This albatross is legendary. The setting and situation couldn’t be better.

You have a hall of fame player playing in the biggest golf tournament in the world. It happened on the final day and this magical shot allowed Sarazen to win.

It was the 1935 Masters. Sarazen was 3 strokes off the lead when he teed off on the par 5 15th hole at Augusta National.

Sarazen hit his drive in the fairway. His second shot was from 235 yards. He decided to hit a 4-wood and when it dropped in the hole he was suddenly tied for the lead!

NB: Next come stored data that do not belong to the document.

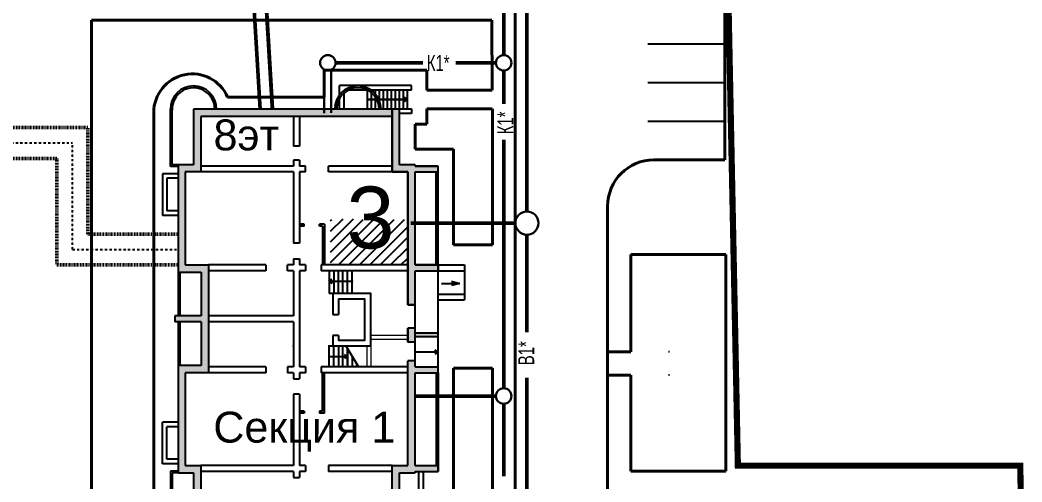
# Model space of a CAD drawing. Header units: millimetres. Extents: x 1819 to 103850, y 69161 to 132521.
# Drawn here: x 40223 to 53215, y 110696 to 116678 of the extents above; entities that cross this region are included whole.
import ezdxf

# ---------------------------------------------------------------- set-up
doc = ezdxf.new("R2010")
doc.units = ezdxf.units.MM
for name, pattern in [('DASHED', [0.75, 0.5, -0.25]), ('KL', [4, 2, -2]), ('PKP', [12, 6, -3, 0, -3])]:
    doc.linetypes.add(name, pattern=pattern)
for name, color, linetype in [('A3-05', 2, 'Continuous'), ('Граница1', 20, 'Continuous'), ('Картограмма', 104, 'Continuous'), ('ЛИНИЯ', 7, 'Continuous'), ('Покрытия', 13, 'Continuous'), ('СТЕНЫ', 7, 'Continuous'), ('СЪЕМКА', 46, 'Continuous'), ('ТС', 1, 'Continuous')]:
    doc.layers.add(name, color=color, linetype=linetype)
doc.layers.add('В1', color=140, linetype='Continuous', lineweight=80)
doc.layers.add('К2', color=54, linetype='Continuous', lineweight=60)
doc.styles.add('SPEC', font='RUSS.shx', dxfattribs={"width": 0.7})
doc.styles.add('СГЕНЕРИР_СТИЛЬ_3', font='arial.ttf')
doc.linetypes.add('oIo_LINE', pattern='A,2.5,-0.25,[133,ltypeshp.shx,S=0.1,R=0,X=-0.1,Y=0.3],-0.2,[130,ltypeshp.shx,S=0.5,R=-25,X=0,Y=0],-0.2,[133,ltypeshp.shx,S=0.1,R=0,X=-0.1,Y=-0.3],-0.25', length=3.4)
picture_1 = doc.add_image_def('image1.tif', size_in_pixel=(4134, 3602))

msp = doc.modelspace()

# ---------------------------------------------------------------- hatches: boundary and pattern name
at = {"layer": 'СТЕНЫ', "linetype": 'Continuous'}
for points in [[(42572.76, 113412.38), (42572.76, 112846.38), (42232.76, 112846.38), (42232.76, 112770.38), (42572.76, 112770.38), (42572.76, 112204.38), (42272.76, 112204.38), (42272.76, 112110.38), (42666.76, 112110.38), (42666.76, 112282.38), (42666.76, 113506.38), (42366.76, 113506.38), (42366.76, 114710.38), (42566.76, 114710.38), (42566.76, 114882.38), (42566.76, 115430.38), (43185.09, 115430.38), (43185.09, 115524.38), (42472.76, 115524.38), (42472.76, 114804.38), (42272.76, 114804.38), (42272.76, 113412.38)], [(45050.76, 115430.38), (45050.76, 115524.38), (43185.09, 115524.38), (43185.09, 115430.38)], [(45344.76, 112988.38), (45344.76, 113430.38), (45644.76, 113432.38), (45644.76, 113506.38), (45344.76, 113506.38), (45344.76, 114710.38), (45644.76, 114710.38), (45644.76, 114786.38), (45344.76, 114786.38), (45344.76, 114804.38), (45144.76, 114804.38), (45144.76, 115524.38), (45050.76, 115524.38), (45050.76, 115430.38), (45050.76, 114710.38), (45250.76, 114710.38), (45250.76, 112988.38)], [(42566.76, 109390.38), (42566.76, 110586.38), (42566.76, 110906.38), (42366.76, 110906.38), (42366.76, 112110.38), (42272.76, 112110.38), (42272.76, 110812.38), (42472.76, 110812.38), (42472.76, 110186.38), (42172.76, 110186.38), (42172.76, 110110.38), (42472.76, 110110.38), (42472.76, 109484.38), (42272.76, 109484.38), (42272.76, 108092.38), (42572.76, 108092.38), (42572.76, 106884.38), (42272.76, 106884.38), (42272.76, 105492.38), (42472.76, 105492.38), (42472.76, 104772.38), (45144.76, 104772.38), (45144.76, 105492.38), (45344.76, 105492.38), (45344.76, 105510.38), (45644.76, 105510.38), (45644.76, 105586.38), (45344.76, 105586.38), (45344.76, 106790.38), (45644.76, 106790.38), (45644.76, 106866.38), (45344.76, 106866.38), (45344.76, 106944.38), (45250.76, 106944.38), (45250.76, 105586.38), (45050.76, 105586.38), (45050.76, 104866.38), (44570.76, 104866.38), (42566.76, 104866.38), (42566.76, 105266.38), (42566.76, 105586.38), (42366.76, 105586.38), (42366.76, 106790.38), (42393.76, 106790.38), (42666.76, 106790.38), (42666.76, 108014.38), (42666.76, 108186.38), (42545.76, 108186.38), (42366.76, 108186.38), (42366.76, 109390.38)]]:
    msp.add_hatch(color=244, dxfattribs=at).paths.add_polyline_path(points)
h = msp.add_hatch(color=244, dxfattribs=at)
h.paths.add_polyline_path([(45250.76, 109390.38), (45250.76, 107668.38), (45344.76, 107668.38), (45344.76, 108110.38), (45344.76, 109390.38), (45644.76, 109390.38), (45644.76, 109466.38), (45344.76, 109466.38), (45344.76, 109484.38), (45144.76, 109484.38), (45144.76, 110812.38), (45344.76, 110812.38), (45344.76, 110830.38), (45644.76, 110830.38), (45644.76, 110906.38), (45344.76, 110906.38), (45344.76, 112110.38), (45644.76, 112110.38), (45644.76, 112186.38), (45364.76, 112186.38), (45344.76, 112186.38), (45344.76, 112264.38), (45250.76, 112264.38), (45250.76, 110906.38), (45050.76, 110906.38), (45050.76, 109390.38)])
h.paths.add_polyline_path([(45644.76, 108110.38), (45644.76, 108186.38), (45344.76, 108186.38), (45344.76, 108110.38)], flags=17)
h.paths.add_polyline_path([(45644.76, 112578.38), (45644.76, 112628.38), (45344.76, 112628.38), (45344.76, 112578.38)])
h.paths.add_polyline_path([(45344.76, 112506.38), (45344.76, 112686.38), (45250.76, 112686.38), (45250.76, 112506.38)])
at = {"layer": 'ТС'}
h = msp.add_hatch(dxfattribs=at)
h.set_pattern_fill('ANSI31', color=256, scale=30, style=0)
h.set_pattern_definition([(45, (-852476.14, 1172171.73), (-67.351921, 67.351921), [])])
h.paths.add_polyline_path([(45250.76, 113874.38), (45250.76, 114093.24), (44553.31, 114093.24), (44553.31, 114105.1), (44353.65, 114105.1), (44353.65, 114093.24), (44250.85, 114093.24), (44250.85, 113506.38), (45250.76, 113506.38)])

# ---------------------------------------------------------------- linework, layer by layer
at = {"linetype": 'oIo_LINE', "lineweight": 50, "ltscale": 20}
msp.add_line((43336.21, 115520.34), (43228.16, 117334.27), dxfattribs=at)
at = {"layer": 'A3-05', "color": 7}
for p, q in [((42472.76, 115524.38), (42472.76, 114804.38)), ((45144.76, 115524.38), (42472.76, 115524.38)), ((45144.76, 114804.38), (45144.76, 115524.38)), ((42472.76, 114804.38), (42272.76, 114804.38)), ((42272.76, 114804.38), (42272.76, 113412.38)), ((45344.76, 114804.38), (45144.76, 114804.38))]:
    msp.add_line(p, q, dxfattribs=at)
at = {"layer": 'В1', "lineweight": 50, "ltscale": 20}
for p, q in [((46794.83, 114198.26), (46794.83, 119816.48)), ((46794.83, 114198.26), (46794.83, 119816.48)), ((46646.24, 114048.26), (45288.76, 114048.26)), ((46794.83, 112633.92), (46794.83, 113898.27)), ((46794.83, 110048.63), (46794.83, 112042.76))]:
    msp.add_line(p, q, dxfattribs=at)
at = {"layer": 'В1', "lineweight": 30, "ltscale": 20}
msp.add_circle((46796.24, 114048.26), 150, dxfattribs=at)
at = {"layer": 'Граница1', "const_width": 80}
msp.add_lwpolyline([(11570.93, 131600.56), (39869.19, 131203.27), (64089.97, 128542.36), (64158.35, 124300.45), (49256, 124449.76), (49531.3, 110905.69), (53192.38, 110905.62), (53563.49, 92531.45), (41467.07, 92224.73), (41655.09, 79817.52), (28916.71, 79382.71)], dxfattribs=at)
at = {"layer": 'К2', "lineweight": 50, "ltscale": 20}
for p, q in [((46494.83, 116224.38), (46494.83, 119164.76)), ((44315.19, 116124.38), (45445.61, 116124.38)), ((45875.98, 116124.38), (46394.83, 116124.38)), ((46494.83, 115592.42), (46494.83, 116024.38)), ((46494.83, 113933.45), (46494.83, 115126.06)), ((46494.83, 111908.38), (46494.83, 113933.45)), ((46394.83, 111808.38), (45344.76, 111808.38)), ((46494.83, 110769.29), (46494.83, 111708.38))]:
    msp.add_line(p, q, dxfattribs=at)
at = {"layer": 'К2', "lineweight": 30, "ltscale": 20}
for p, q in [((44166.31, 116037.14), (44166.31, 115470.5)), ((44258.02, 116034.02), (44258.02, 115474.68))]:
    msp.add_line(p, q, dxfattribs=at)
for centre in [(44215.19, 116124.38), (46494.83, 116124.38), (46494.83, 111808.38)]:
    msp.add_circle(centre, 100, dxfattribs=at)
at = {"layer": 'Картограмма', "color": 22}
for p, q in [((47842.76, 113768.07), (47842.76, 112616.23)), ((47842.76, 113768.07), (47842.76, 112616.23)), ((48142.76, 113140.6), (48142.76, 112616.23)), ((48142.76, 113140.6), (48142.76, 112616.23)), ((49376.19, 113140.6), (49376.19, 112616.23)), ((46642.76, 105268.38), (46642.76, 112916.23)), ((46642.76, 105268.38), (46642.76, 112916.23)), ((45644.76, 112552.17), (45644.76, 112616.23))]:
    msp.add_line(p, q, dxfattribs=at)
at = {"layer": 'ЛИНИЯ', "lineweight": 40}
for p, q in [((46642.76, 104768.38), (46642.76, 124731.73)), ((49363.44, 119076.38), (49363.44, 114868.07)), ((46342.76, 116676.38), (41150.76, 116676.38)), ((41150.76, 116676.38), (41150.76, 103568.38)), ((46343.6, 115768.38), (46342.76, 116676.38)), ((44166.76, 115680.38), (44166.76, 116028.38)), ((44166.76, 116028.38), (45498.76, 116028.38)), ((45498.76, 116028.38), (45498.76, 115768.38)), ((45498.76, 115768.38), (46344.76, 115768.38)), ((42915.16, 115680.38), (44166.76, 115680.38)), ((45498.76, 115528.38), (46344.76, 115528.38)), ((45498.76, 115528.38), (45498.76, 115328.38)), ((46348.82, 115528.38), (46348.82, 113768.01)), ((41956.9, 115480.38), (41956.9, 104772.38)), ((45344.76, 115328.38), (45344.76, 115004.38)), ((45344.76, 115328.38), (45498.76, 115328.38)), ((45344.76, 115328.38), (45344.76, 115004.38)), ((45344.76, 115004.38), (45844.76, 115004.38)), ((45844.76, 115004.38), (45844.76, 113768.01)), ((48442.76, 114868.07), (49363.44, 114868.07)), ((47842.76, 109194.84), (47842.76, 114268.07)), ((45844.76, 113768.01), (46348.82, 113768.01)), ((48142.76, 113640.6), (48142.76, 112379.36)), ((48142.76, 113640.6), (49376.19, 113640.6)), ((49376.19, 110833.56), (49376.19, 113640.6)), ((48142.76, 112379.36), (47842.76, 112379.36)), ((45844.76, 112168.38), (46348.82, 112168.38)), ((45844.76, 112168.38), (45844.76, 109966.38)), ((46348.82, 112168.38), (46348.82, 109966.38)), ((48142.76, 112079.36), (47842.76, 112079.36)), ((48142.76, 112079.36), (48142.76, 110833.56)), ((48142.76, 110833.56), (49376.19, 110833.56))]:
    msp.add_line(p, q, dxfattribs=at)
at = {"layer": 'ЛИНИЯ'}
for p, q in [((48363.44, 116368.07), (49363.44, 116368.07)), ((48363.44, 115868.07), (49363.44, 115868.07)), ((48363.44, 115368.07), (49363.44, 115368.07)), ((48442.76, 114868.07), (49363.44, 114868.07)), ((48763.44, 114868.07), (49363.44, 114868.07))]:
    msp.add_line(p, q, dxfattribs=at)
at = {"layer": 'ЛИНИЯ', "lineweight": 40}
for centre, radius, start in [((42456.9, 115480.38), 500, 23.578178), ((48442.76, 114268.07), 600, 90)]:
    msp.add_arc(centre, radius, start, 180, dxfattribs=at)
at = {"layer": 'Покрытия'}
for p, q in [((45820.14, 113297.1), (45920.23, 113267.51)), ((45689.03, 113267.51), (45920.23, 113267.51)), ((45920.23, 113267.51), (45820.13, 113238.75)), ((45920.23, 113267.51), (45824.36, 113267.51))]:
    msp.add_line(p, q, dxfattribs=at)
at = {"layer": 'СТЕНЫ', "color": 244}
for p, q in [((45298.76, 115828.38), (44366.76, 115828.38)), ((44366.76, 115524.38, 153.52), (44366.76, 115828.38, -37.75)), ((45298.76, 115768.38), (44426.76, 115768.38)), ((44426.76, 115524.38, 153.52), (44426.76, 115768.38)), ((44726.76, 115528.38), (44726.76, 115768.38)), ((44778.76, 115528.38), (44778.76, 115768.38)), ((44830.76, 115528.38), (44830.76, 115768.38)), ((44882.76, 115528.38), (44882.76, 115768.38)), ((44934.76, 115528.38), (44934.76, 115768.38)), ((44986.76, 115528.38), (44986.76, 115768.38)), ((45038.76, 115528.38), (45038.76, 115768.38)), ((45090.76, 115528.38), (45090.76, 115768.38)), ((45142.76, 115528.38), (45142.76, 115768.38)), ((45194.76, 115528.38), (45194.76, 115768.38)), ((45246.76, 115528.38), (45246.76, 115768.38)), ((45298.76, 115768.38), (45298.76, 115828.38)), ((45246.76, 115648.38), (44726.76, 115648.38)), ((44726.76, 115648.38), (45246.76, 115648.38)), ((45246.76, 115648.38), (45205.12, 115674.21)), ((45246.76, 115648.38), (45205.12, 115622.55)), ((42172.76, 115524.38), (42172.76, 114786.38)), ((42172.76, 114780.38), (42172.76, 115524.38)), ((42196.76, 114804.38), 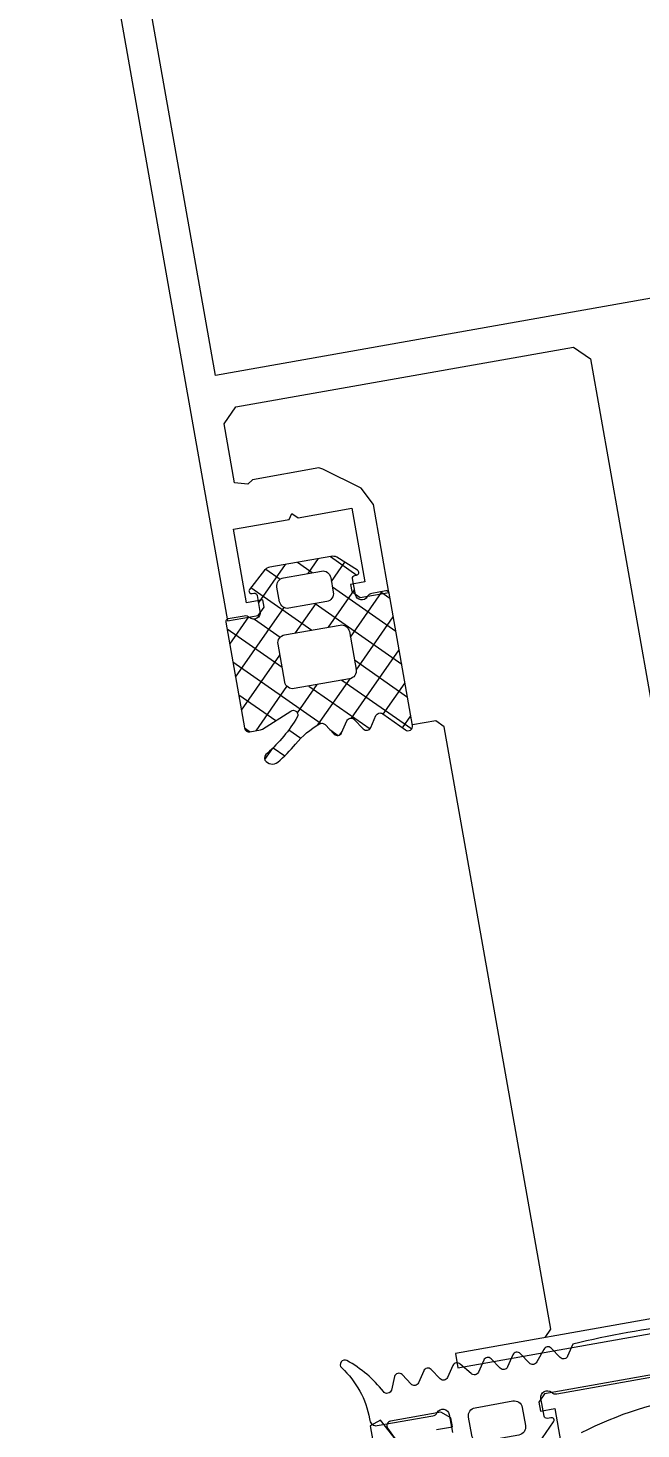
# Model space of a CAD drawing. Header units: millimetres. Extents: x 0 to 636307, y -180975 to 471719.
# Drawn here: x 575429.4 to 575470.5, y -59271.5 to -59177.6 of the extents above; entities that cross this region are included whole.
import ezdxf
from ezdxf import colors
from ezdxf.entities.mleader import LeaderData, LeaderLine
from ezdxf.enums import TextEntityAlignment as Align
from ezdxf.math import Vec2, Vec3

# ---------------------------------------------------------------- set-up
doc = ezdxf.new("R2018")
doc.units = ezdxf.units.MM
for name, color, linetype, lineweight in [('АР_Маркер экспликации', 239, 'Continuous', 13), ('АР_Номер помещения', 250, 'Continuous', 9), ('АР_Отметки', 7, 'Continuous', 5), ('АР_Перегородки витражные', 152, 'Continuous', 13), ('АР_Размеры дверей', 15, 'Continuous', 0), ('АР_Сущ Несущая стена', 250, 'Continuous', 50)]:
    doc.layers.add(name, color=color, linetype=linetype, lineweight=lineweight)
doc.layers.add('АР_Названия помещений', color=124, linetype='Continuous', lineweight=5, plot=False)
doc.layers.add('АР_Помещения_площадь', color=19, linetype='Continuous', lineweight=9, plot=False)
doc.layers.get('АР_Размеры дверей').off()
doc.styles.add('ISOCPEUR', font='', dxfattribs={"height": 250})
doc.styles.get("Standard").update_dxf_attribs({"font": 'GOST.TTF'})
doc.styles.get('ISOCPEUR').set_extended_font_data('ISOCPEUR', italic=True)

# ---------------------------------------------------------------- blocks, each defined once
blk = doc.blocks.new('_DotSmall')
at = {"color": 0, "linetype": 'ByBlock', "const_width": 0.5}
blk.add_lwpolyline([(-0.0625, 0, 1), (0.0625, 0, 1)], format="xyb", close=True, dxfattribs=at)
blk = doc.blocks.new('*U231')
at = {"color": 7, "style": 'ISOCPEUR', "width": 0.7, "flags": 1}
blk.add_attdef('КАТЕГОРИЯ', (-499.1655280450395, -2092.186355050572), '', height=250, dxfattribs=at)
at = {"layer": 'АР_Номер помещения', "color": 7, "style": 'ISOCPEUR', "width": 0.7}
blk.add_attdef('НОМЕР_ПОМЕЩЕНИЯ', text='', height=300, dxfattribs=at).set_placement((-13874.50037348172, 6637.551507674349), align=Align.MIDDLE_CENTER)
at = {"layer": 'АР_Помещения_площадь', "color": 7, "lineweight": 30, "width": 0.7, "flags": 104}
blk.add_attdef('ИМЯ_ПОМЕЩЕНИЯ', text='', height=100, dxfattribs=at).set_placement((157.6277002443094, 1217.141369806137), align=Align.MIDDLE_CENTER)
at = {"layer": 'АР_Помещения_площадь', "color": 7, "style": 'ISOCPEUR', "width": 0.7}
blk.add_attdef('ПЛОЩАДЬ_ПОМЕЩЕНИЯ', text='', height=200, dxfattribs=at).set_placement((-12654.58206475799, 407.6715906363952), align=Align.MIDDLE_RIGHT)
blk = doc.blocks.new('*U229')
at = {"color": 7, "style": 'ISOCPEUR', "width": 0.7, "flags": 1}
blk.add_attdef('КАТЕГОРИЯ', (-499.1655280450395, -2092.186355050572), '', height=250, dxfattribs=at)
at = {"layer": 'АР_Номер помещения', "color": 7, "style": 'ISOCPEUR', "width": 0.7}
blk.add_attdef('НОМЕР_ПОМЕЩЕНИЯ', text='', height=300, dxfattribs=at).set_placement((-17424.90121621726, 1870.773010053819), align=Align.MIDDLE_CENTER)
at = {"layer": 'АР_Помещения_площадь', "color": 7, "lineweight": 30, "width": 0.7, "flags": 104}
blk.add_attdef('ИМЯ_ПОМЕЩЕНИЯ', text='', height=100, dxfattribs=at).set_placement((157.6277002443094, 1217.141369806137), align=Align.MIDDLE_CENTER)
at = {"layer": 'АР_Помещения_площадь', "color": 7, "style": 'ISOCPEUR', "width": 0.7}
blk.add_attdef('ПЛОЩАДЬ_ПОМЕЩЕНИЯ', text='', height=200, dxfattribs=at).set_placement((-12452.81125144796, 399.3563217389146), align=Align.MIDDLE_RIGHT)
blk = doc.blocks.new('стойка витр.')
h = blk.add_hatch()
h.set_pattern_fill('ANSI37', scale=0.5, angle=-69.23283665521843)
h.set_pattern_definition([(335.7671633447816, (-69115.31625940584, 318510.9409690977), (0.6515825639889636, 1.447617495164233), []), (65.76716334478155, (-69115.31625940584, 318510.9409690977), (-1.447617495164233, 0.6515825639889636), [])])
edge = h.paths.add_edge_path()
edge.add_line((-22.69442369043827, 14.13646889062511), (-23.03581465108437, 15.03674084689555))
edge.add_arc((-23.43472203482704, 14.88552442783714), 0.426606969231953, 20.76054121617168, 72.29995807937499)
edge.add_arc((-23.17519432072194, 15.69843630689562), 0.4267278803337561, 110.7639791014305, 252.28796188313498, ccw=False)
edge.add_line((-23.32647754022037, 16.09744767434313), (-22.30045238576713, 16.48652534212306))
edge.add_arc((-22.23557122191811, 16.31559297980009), 0.1828317202011609, 20.74895968860318, 110.7853670150393, ccw=False)
edge.add_line((-22.06459766681655, 16.38036551539699), (-22.02136925791274, 16.26636916297139))
edge.add_arc((-21.85036169383434, 16.33121481389334), 0.1828894349477776, 200.7666051414026, 335.7779732891441)
edge.add_line((-21.68357339510112, 16.25618009645405), (-21.08991230116226, 17.78525728297245))
edge.add_arc((-21.70321396183568, 17.95657679537892), 0.6367804192309714, 344.3928406199507, 381.7248777476984)
edge.add_line((-21.1116628201562, 18.19228116337763), (-22.58147269752226, 22.06827310883818))
edge.add_arc((-23.18057156739388, 21.852472630542), 0.6367804192296693, 19.80944894391843, 57.14148607166609)
edge.add_line((-22.83507592984824, 22.38737642259366), (-24.29334917705273, 23.13834224954917))
edge.add_arc((-24.36844682475663, 22.97158227615987), 0.1828894349476184, 65.75635339884347, 200.7677215648203)
edge.add_line((-24.53945312526776, 22.90673329312267), (-24.49622471639304, 22.79273694081348))
edge.add_arc((-24.66715707872659, 22.7278557770023), 0.1828317201976129, -69.25104032206309, 20.78536700277641, ccw=False)
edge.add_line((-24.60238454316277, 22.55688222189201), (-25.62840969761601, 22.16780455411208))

He went on to win the tournament in a playoff the next day! This was the first albatross ever recorded in a major event.

Male golfer wearing a striped t-shirt swings the club down to hit the golfball.

#2: Andrew Magee’s Hole In One On A Par 4

This one proves that you need a little luck to make an albatross in golf.

Magee was playing the 17th hole in his first round of the Waste Management Phoenix Open in 2001. This par 4 at TPC Scottsdale is drivable for some players.

Andrew didn’t believe he was long enough to reach the green, so he teed off while the group in front of him was still on the green.

This is when it got crazy. Magee hit his driver well and there was some wind behind him. The ball bounced on the green.

Tom Byrum was in the group in front of him and was standing on the fringe waiting to putt. His putter was resting on the ground.

Amazingly, Magee’s ball bounced off Byrum’s putter and rolled into the hole! Initially, there was confusion about the rules.

There was a discussion with the officials and it was determined that Magee’s shot does count as an albatross! You have to see it to believe it.

Four golfers observe a player taking his shot, standing on a hill.

#3: Tiger’s Epic Albatross!

Since 1996 when Tiger Woods turned professional and did his famous “Hello World” press conference he has been setting records.

It is hard to make a “best of golf” list and not include Tiger. We felt obligated to include his albatross in our top 3.

There is only one problem. He has never made one in a competitive round of golf! Yes, he has made one in a practice round, but never in a tournament.

A truly amazing fact. If Tiger can’t achieve an albatross golf shot in a round, how are you supposed to? Just a reminder to make sure your golf goals are reasonable.

We recommend you document your improvement plan to lower your handicap, but don’t include “make an albatross in golf” on your list.

Instead, stick with working on breaking 100, breaking 90, or breaking 80 for the first time.

A male and female golfer observe their fellow female golfer take her shot.

What Should You Do If You Make An Albatross In Golf?

The odds are stacked against you to achieve your albatross golf goal, but here are some “Dos” and “Don’ts” if you happen to pull it off!

DO: Go crazy! Let out a scream. High-five the rest of your foursome. Celebrate like a hole in one (but you don’t have to buy drinks).

DON’T: Hit that golf ball again. Save it and display it proudly on your mantle. Anytime someone asks you can tell the “story of your albatross”. Find any excuse to tell this story!

DO: Save the scorecard. Get your playing partners to sign it as witnesses. Frame it.

DON’T: Be humble. Tell everyone you know and even some people you don’t know. There is no shame in being proud of your albatross in golf.

DO: Enjoy the moment. Very few golfers ever make an albatross. You are now part of an exclusive club.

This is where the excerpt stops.